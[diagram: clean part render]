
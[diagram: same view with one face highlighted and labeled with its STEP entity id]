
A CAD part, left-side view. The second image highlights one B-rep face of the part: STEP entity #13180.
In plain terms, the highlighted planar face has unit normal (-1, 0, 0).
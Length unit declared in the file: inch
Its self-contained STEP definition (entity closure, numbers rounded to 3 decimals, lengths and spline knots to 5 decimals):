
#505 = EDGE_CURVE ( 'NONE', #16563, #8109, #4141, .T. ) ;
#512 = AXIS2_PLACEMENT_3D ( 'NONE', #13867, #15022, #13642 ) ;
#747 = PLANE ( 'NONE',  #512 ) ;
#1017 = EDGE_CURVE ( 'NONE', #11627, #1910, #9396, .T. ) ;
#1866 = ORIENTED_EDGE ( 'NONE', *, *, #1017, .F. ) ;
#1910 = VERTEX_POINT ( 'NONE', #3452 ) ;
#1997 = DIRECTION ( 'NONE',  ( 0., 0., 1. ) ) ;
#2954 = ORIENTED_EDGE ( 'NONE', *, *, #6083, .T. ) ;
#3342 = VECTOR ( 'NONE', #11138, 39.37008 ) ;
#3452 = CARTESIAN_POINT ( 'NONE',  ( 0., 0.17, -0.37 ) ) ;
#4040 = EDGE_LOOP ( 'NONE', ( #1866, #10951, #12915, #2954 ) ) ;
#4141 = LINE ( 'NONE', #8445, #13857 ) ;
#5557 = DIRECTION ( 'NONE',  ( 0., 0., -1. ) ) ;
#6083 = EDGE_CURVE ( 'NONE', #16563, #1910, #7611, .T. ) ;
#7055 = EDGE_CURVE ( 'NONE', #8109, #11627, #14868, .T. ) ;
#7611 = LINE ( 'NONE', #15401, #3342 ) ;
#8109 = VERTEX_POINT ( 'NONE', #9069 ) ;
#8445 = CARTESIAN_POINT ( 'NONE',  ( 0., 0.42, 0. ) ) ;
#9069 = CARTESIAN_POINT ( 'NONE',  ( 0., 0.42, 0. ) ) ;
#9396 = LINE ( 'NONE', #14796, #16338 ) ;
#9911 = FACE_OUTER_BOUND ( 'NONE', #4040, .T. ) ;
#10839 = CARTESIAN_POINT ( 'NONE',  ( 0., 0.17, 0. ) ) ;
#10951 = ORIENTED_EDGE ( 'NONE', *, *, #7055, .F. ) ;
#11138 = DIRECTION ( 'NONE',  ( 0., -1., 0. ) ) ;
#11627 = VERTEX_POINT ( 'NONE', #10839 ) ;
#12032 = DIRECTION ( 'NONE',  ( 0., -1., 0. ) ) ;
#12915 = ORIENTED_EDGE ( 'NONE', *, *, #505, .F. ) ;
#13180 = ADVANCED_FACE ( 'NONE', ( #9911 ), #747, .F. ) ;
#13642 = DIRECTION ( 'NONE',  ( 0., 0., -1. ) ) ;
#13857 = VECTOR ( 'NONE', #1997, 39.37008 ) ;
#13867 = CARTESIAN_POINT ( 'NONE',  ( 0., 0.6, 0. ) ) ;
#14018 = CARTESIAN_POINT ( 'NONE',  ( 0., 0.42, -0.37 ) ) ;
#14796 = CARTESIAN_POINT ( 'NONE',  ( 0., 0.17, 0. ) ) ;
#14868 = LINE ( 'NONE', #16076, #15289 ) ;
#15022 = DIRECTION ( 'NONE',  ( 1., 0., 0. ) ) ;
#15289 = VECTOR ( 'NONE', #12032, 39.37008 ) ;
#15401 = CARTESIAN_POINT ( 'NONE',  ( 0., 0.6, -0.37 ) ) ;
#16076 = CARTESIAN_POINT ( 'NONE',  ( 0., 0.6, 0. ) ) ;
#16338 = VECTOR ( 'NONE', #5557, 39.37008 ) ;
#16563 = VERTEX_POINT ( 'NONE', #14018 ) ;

§

### Your objective:
Quote the data above from the line containing "#10951 = ORIENTED_EDGE" to the line containing "#13180 = ADVANCED_FACE", inclusive, and stop.

### Your response:
#10951 = ORIENTED_EDGE ( 'NONE', *, *, #7055, .F. ) ;
#11138 = DIRECTION ( 'NONE',  ( 0., -1., 0. ) ) ;
#11627 = VERTEX_POINT ( 'NONE', #10839 ) ;
#12032 = DIRECTION ( 'NONE',  ( 0., -1., 0. ) ) ;
#12915 = ORIENTED_EDGE ( 'NONE', *, *, #505, .F. ) ;
#13180 = ADVANCED_FACE ( 'NONE', ( #9911 ), #747, .F. ) ;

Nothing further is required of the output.